**PROBLEM DETAILS:**
In the data below, find the line that contains "#118=LINE('',#117,#116);" and the line that contains "#131=DIRECTION('',(0.,0.,-1.));". Copy both, plus every line between them, exactly.

**SUPPLIED RECORDS:**
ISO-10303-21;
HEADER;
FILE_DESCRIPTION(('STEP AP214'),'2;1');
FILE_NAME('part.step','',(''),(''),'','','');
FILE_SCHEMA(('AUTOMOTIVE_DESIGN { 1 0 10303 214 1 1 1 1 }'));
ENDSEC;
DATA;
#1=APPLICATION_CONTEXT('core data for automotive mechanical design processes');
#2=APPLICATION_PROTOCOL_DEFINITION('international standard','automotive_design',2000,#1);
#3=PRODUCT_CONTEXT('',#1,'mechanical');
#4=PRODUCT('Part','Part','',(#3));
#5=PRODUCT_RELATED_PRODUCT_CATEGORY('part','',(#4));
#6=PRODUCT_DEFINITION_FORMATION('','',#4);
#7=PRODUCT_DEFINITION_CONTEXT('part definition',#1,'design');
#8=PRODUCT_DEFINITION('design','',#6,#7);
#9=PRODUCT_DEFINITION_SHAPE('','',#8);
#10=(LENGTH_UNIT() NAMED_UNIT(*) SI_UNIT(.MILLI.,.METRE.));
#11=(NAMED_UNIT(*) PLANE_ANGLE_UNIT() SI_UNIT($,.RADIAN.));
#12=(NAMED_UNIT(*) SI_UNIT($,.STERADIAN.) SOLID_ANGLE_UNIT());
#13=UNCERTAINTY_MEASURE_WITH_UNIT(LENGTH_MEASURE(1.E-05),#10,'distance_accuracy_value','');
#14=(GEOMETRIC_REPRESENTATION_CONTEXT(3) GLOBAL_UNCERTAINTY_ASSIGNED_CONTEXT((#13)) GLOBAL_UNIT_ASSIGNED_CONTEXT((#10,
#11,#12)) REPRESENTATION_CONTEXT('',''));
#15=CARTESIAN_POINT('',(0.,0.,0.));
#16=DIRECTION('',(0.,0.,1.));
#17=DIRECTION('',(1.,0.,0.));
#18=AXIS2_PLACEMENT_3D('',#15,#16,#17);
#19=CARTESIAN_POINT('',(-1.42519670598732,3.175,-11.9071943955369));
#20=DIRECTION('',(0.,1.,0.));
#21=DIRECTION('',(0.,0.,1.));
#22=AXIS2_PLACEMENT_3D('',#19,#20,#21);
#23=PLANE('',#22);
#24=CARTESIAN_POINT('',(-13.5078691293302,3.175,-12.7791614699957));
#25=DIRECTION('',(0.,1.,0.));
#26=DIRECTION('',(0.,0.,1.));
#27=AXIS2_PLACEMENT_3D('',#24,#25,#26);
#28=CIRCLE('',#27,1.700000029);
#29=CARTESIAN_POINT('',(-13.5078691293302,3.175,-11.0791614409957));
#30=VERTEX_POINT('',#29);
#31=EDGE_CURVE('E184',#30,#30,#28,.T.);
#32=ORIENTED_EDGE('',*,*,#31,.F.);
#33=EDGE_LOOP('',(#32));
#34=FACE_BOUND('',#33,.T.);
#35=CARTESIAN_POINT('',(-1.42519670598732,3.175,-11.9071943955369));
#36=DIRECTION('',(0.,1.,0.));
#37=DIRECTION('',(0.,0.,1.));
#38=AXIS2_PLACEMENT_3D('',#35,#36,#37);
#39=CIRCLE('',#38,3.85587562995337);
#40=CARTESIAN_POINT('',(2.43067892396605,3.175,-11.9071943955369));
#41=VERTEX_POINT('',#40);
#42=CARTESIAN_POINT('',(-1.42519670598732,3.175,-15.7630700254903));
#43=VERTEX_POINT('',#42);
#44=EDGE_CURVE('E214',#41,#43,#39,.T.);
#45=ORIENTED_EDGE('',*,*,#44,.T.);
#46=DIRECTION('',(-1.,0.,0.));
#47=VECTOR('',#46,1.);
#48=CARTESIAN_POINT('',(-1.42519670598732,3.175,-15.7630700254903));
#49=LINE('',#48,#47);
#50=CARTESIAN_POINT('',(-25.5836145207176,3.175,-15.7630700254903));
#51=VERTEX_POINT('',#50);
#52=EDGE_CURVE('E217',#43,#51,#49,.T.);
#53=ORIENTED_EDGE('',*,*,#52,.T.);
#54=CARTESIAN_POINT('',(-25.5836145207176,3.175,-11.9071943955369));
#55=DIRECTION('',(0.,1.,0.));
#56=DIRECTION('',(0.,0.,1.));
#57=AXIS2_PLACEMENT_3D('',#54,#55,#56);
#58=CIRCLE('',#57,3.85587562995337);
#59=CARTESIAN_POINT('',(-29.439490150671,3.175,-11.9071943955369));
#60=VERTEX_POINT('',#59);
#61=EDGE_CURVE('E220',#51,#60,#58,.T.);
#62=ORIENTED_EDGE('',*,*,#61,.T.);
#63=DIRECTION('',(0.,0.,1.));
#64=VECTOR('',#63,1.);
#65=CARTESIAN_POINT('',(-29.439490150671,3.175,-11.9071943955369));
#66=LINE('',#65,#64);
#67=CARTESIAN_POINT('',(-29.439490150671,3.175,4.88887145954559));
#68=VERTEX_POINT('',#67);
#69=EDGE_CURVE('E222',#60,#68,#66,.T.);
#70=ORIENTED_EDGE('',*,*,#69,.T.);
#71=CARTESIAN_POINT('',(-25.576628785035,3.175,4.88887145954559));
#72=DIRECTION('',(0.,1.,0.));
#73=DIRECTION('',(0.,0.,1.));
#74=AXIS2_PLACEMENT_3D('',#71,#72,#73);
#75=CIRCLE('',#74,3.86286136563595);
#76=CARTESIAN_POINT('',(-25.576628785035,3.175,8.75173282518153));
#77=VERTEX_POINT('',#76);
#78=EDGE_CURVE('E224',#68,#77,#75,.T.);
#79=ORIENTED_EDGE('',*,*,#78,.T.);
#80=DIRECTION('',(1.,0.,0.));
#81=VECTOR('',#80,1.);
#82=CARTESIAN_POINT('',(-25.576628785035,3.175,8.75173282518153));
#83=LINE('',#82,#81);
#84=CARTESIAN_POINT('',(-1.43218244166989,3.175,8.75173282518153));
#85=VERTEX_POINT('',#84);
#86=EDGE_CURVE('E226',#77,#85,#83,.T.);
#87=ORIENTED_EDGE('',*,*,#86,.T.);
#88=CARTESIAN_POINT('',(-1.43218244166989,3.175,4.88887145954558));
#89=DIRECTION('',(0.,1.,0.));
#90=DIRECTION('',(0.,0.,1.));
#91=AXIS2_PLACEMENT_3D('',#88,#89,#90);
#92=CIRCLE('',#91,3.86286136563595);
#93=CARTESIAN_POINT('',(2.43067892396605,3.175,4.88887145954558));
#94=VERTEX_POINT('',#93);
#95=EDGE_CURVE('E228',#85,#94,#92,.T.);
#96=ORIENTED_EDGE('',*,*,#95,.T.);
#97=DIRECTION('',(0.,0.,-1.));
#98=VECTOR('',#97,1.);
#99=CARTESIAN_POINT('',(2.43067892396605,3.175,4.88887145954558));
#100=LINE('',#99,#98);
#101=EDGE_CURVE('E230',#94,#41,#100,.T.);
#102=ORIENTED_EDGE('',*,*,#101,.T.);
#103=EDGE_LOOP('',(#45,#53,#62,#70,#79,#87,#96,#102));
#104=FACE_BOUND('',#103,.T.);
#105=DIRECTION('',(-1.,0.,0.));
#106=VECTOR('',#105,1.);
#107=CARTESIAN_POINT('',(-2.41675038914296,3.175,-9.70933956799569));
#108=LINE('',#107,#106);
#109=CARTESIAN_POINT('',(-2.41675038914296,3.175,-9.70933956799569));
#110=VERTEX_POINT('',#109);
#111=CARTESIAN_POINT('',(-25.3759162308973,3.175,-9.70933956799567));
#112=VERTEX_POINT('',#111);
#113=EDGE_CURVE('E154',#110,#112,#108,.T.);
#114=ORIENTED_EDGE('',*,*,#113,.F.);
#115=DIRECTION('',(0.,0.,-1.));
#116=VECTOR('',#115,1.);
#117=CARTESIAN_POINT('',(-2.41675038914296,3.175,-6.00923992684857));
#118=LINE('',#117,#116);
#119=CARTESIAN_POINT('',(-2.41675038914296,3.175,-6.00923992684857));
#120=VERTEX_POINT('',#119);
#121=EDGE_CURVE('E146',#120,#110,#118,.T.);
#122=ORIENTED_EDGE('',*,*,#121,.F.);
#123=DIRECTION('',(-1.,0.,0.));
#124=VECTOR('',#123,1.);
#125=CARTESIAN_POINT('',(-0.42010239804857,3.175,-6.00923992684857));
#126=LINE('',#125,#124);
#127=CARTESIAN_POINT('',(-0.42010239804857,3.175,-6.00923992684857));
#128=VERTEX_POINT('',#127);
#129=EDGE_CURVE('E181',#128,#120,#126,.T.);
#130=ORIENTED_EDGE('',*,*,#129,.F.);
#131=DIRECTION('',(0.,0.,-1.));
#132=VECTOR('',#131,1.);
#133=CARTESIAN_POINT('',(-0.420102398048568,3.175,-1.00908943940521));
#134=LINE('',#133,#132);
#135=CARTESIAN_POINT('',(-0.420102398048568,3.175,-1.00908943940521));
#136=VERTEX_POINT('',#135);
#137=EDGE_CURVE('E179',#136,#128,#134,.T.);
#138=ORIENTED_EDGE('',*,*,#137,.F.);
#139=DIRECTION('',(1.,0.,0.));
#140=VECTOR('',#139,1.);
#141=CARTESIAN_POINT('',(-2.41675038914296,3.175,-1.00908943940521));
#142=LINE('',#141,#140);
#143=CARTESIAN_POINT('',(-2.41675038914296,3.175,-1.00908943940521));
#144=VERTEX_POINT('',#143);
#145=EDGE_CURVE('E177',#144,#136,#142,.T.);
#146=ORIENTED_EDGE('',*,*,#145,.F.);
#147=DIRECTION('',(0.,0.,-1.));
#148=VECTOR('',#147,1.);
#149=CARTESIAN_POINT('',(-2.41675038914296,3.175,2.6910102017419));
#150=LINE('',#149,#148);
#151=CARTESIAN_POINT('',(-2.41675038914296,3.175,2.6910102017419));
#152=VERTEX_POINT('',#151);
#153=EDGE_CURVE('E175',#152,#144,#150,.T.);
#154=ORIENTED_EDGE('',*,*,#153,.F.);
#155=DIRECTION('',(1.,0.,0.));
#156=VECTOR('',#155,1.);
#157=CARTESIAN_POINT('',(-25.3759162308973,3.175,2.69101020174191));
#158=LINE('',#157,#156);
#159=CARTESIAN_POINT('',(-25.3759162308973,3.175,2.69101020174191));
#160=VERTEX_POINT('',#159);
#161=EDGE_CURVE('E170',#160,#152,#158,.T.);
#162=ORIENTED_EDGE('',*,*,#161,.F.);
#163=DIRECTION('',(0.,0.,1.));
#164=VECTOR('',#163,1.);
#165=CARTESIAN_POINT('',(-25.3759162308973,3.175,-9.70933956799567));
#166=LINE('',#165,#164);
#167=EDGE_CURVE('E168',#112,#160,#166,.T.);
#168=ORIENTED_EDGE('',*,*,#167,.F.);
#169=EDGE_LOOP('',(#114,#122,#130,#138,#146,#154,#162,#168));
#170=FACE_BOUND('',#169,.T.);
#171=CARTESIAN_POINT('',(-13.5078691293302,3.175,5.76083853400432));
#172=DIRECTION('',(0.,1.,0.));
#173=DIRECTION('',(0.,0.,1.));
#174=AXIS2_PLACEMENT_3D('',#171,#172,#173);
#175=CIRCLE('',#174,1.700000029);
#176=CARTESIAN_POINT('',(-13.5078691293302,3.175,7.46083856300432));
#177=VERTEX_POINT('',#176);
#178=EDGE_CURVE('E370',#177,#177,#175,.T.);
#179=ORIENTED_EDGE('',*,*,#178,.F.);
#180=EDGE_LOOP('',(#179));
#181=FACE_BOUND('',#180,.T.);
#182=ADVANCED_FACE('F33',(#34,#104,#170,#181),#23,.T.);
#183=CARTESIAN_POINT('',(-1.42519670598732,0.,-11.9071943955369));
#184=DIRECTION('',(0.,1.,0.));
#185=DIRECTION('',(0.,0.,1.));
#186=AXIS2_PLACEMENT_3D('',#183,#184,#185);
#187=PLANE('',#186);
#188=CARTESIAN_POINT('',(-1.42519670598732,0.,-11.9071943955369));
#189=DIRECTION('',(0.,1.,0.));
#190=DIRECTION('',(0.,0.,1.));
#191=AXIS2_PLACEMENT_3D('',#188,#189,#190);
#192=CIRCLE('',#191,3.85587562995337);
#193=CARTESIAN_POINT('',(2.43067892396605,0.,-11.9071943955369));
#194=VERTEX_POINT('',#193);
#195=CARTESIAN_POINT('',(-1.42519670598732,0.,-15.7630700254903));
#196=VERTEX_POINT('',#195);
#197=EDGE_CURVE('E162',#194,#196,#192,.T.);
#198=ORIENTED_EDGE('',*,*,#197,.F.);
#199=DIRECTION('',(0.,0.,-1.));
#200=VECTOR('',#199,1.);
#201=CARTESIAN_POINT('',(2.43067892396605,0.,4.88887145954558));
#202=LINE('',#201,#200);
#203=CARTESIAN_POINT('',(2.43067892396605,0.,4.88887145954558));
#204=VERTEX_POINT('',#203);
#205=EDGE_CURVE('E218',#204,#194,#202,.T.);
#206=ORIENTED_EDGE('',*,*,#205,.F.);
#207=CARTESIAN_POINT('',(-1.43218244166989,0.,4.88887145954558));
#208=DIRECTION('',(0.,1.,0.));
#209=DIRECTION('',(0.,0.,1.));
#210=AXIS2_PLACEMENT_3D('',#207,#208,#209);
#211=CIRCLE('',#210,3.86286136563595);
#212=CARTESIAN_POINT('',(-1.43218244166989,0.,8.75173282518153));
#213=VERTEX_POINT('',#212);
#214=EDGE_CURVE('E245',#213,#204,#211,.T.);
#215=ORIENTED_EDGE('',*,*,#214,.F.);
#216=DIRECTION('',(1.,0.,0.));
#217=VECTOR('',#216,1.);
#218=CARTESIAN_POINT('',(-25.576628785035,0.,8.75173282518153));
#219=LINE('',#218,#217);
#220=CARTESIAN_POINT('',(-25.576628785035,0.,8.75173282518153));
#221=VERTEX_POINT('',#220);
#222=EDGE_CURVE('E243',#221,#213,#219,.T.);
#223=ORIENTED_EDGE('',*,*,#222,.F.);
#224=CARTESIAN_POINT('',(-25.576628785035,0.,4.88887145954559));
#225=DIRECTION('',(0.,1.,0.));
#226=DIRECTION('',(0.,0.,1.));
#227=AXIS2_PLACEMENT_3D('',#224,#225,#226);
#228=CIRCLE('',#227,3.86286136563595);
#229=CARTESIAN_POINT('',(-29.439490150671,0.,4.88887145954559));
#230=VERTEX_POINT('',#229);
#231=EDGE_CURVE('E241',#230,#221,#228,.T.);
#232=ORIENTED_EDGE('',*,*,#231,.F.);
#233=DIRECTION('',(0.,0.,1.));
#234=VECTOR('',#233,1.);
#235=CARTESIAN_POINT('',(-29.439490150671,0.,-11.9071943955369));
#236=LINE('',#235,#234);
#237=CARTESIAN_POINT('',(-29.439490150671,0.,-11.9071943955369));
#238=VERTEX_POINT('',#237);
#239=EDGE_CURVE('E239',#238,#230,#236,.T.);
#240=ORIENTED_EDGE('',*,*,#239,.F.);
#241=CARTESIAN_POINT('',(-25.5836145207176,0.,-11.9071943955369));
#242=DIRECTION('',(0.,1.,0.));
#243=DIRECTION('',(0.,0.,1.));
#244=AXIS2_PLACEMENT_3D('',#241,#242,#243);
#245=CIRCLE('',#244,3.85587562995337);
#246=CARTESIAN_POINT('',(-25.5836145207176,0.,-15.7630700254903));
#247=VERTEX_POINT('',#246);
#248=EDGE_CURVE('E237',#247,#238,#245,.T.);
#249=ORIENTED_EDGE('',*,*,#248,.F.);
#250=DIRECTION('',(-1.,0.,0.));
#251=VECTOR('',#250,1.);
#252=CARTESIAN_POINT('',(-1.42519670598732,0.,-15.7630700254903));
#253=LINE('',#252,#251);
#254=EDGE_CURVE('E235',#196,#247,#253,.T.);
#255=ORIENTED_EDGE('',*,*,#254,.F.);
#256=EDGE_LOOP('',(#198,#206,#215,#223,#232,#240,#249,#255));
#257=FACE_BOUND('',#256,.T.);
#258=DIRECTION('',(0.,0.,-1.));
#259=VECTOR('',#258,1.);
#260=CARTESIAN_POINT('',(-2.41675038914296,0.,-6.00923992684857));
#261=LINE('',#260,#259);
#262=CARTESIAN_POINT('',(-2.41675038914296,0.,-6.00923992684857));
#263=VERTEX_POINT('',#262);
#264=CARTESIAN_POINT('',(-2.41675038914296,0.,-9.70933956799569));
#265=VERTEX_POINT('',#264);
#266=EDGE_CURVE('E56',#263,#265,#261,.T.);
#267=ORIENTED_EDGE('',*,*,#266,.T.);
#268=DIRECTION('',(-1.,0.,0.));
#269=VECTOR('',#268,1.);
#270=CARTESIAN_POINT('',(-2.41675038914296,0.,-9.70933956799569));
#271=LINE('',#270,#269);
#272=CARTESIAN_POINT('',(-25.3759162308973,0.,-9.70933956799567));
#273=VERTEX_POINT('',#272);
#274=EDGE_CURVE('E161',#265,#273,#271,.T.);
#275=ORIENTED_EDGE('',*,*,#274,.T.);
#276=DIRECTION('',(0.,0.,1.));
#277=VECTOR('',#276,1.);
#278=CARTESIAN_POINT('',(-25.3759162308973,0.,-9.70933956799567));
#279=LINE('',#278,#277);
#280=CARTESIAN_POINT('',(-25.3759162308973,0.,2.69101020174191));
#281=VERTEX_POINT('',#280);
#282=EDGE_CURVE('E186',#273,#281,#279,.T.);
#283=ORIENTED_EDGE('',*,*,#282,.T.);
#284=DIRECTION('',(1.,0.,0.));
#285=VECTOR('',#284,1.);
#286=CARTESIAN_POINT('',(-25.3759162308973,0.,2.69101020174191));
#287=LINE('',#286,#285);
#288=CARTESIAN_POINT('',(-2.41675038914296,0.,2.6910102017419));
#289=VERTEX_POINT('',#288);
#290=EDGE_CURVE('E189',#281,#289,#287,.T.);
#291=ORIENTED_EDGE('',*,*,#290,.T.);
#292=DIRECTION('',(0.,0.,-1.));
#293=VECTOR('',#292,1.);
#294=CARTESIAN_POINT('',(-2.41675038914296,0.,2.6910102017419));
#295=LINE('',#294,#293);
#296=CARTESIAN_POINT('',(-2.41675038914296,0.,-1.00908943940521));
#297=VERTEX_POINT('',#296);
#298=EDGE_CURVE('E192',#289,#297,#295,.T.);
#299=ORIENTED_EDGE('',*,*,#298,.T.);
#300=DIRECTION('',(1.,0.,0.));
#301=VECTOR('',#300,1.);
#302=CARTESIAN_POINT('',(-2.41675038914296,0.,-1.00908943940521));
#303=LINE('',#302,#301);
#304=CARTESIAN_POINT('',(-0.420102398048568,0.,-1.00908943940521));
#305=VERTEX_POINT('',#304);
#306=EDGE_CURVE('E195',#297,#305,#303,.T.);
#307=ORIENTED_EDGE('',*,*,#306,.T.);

**RESULT:**
#118=LINE('',#117,#116);
#119=CARTESIAN_POINT('',(-2.41675038914296,3.175,-6.00923992684857));
#120=VERTEX_POINT('',#119);
#121=EDGE_CURVE('E146',#120,#110,#118,.T.);
#122=ORIENTED_EDGE('',*,*,#121,.F.);
#123=DIRECTION('',(-1.,0.,0.));
#124=VECTOR('',#123,1.);
#125=CARTESIAN_POINT('',(-0.42010239804857,3.175,-6.00923992684857));
#126=LINE('',#125,#124);
#127=CARTESIAN_POINT('',(-0.42010239804857,3.175,-6.00923992684857));
#128=VERTEX_POINT('',#127);
#129=EDGE_CURVE('E181',#128,#120,#126,.T.);
#130=ORIENTED_EDGE('',*,*,#129,.F.);
#131=DIRECTION('',(0.,0.,-1.));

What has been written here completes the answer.